Squatter's Island
Description
$23.95
ISBN 0-88750-649-6
Author
Publisher
Year
Contributor
William Blackburn is a professor of English at the University of
Calgary.
Review
No man is an island, as John Donne once said — but many of us sometimes wish we could be. Certainly this is the case with Andrew, the young protagonist of W.D. Barcus’s fine novel, Squatter’s Island. Raised by a stern father after his mother deserts them and mocked by the neighbourhood boys with that easy and unerring cruelty with which the young chastise the sin of difference, Andrew longs for the refuge promised by Squatter’s Island. His happiest memories are of visits with his father to that uninhabited island plainly visible from the harbour — but now his father has forsaken the sea and the island both, and keeps a store in the village.

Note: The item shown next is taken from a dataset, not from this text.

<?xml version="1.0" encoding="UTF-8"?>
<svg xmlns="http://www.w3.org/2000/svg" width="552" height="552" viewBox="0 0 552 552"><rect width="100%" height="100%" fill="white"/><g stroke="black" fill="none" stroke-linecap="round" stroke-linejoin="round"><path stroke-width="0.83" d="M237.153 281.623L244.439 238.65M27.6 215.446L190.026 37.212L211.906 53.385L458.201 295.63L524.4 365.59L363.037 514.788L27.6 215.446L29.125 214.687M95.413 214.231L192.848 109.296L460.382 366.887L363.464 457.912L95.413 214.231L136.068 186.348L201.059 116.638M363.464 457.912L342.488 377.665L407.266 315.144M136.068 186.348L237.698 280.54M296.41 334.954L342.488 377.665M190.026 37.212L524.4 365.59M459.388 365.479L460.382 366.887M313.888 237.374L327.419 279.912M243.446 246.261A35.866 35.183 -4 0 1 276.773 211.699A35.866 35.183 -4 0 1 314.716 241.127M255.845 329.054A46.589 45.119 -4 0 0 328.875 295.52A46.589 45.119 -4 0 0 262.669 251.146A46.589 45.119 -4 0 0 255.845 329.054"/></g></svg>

Joe Ramos, a fisherman of Portuguese descent, and so an outsider like Andrew himself, befriends the boy, and Andrew’s diminished loneliness is bearable until the old man’s dory capsizes within sight of shore, and Andrew is powerless to save him. Eventually the boy leaves Nova Scotia for Newfoundland, where he finds work on a road gang and marries Molly, a country girl. Upon his return home, his uncomprehending wife merely resents his fascination with the island; sickness and surgery leave her unable to bear children, and Andrew’s father suffers a stroke which leaves him helpless. At the novel’s close, the island remains unattainable and Andrew, like his father before him, turns his baffled strength to the walls which close around him.
The best thing about Squatter’s Island is its economy of means. The author sagely foregoes any attempt at “fine writing” — a restraint particularly appropriate to the kind of minimalist tragedy he depicts. The island lost with childhood, forever clean to eye and memory, and yet forever beyond Andrew’s reach, is the central symbol in this novel barren of rhetorical flourishes but rich in psychological truth. The author’s unwavering discipline spares us cheap sentiment either for hope or despair; avoiding the cardinal sin of protesting too much. W.D. Barcus, in the story of one Nova Scotia boy, deftly lays bare the minuscule links of the chains which bind us all.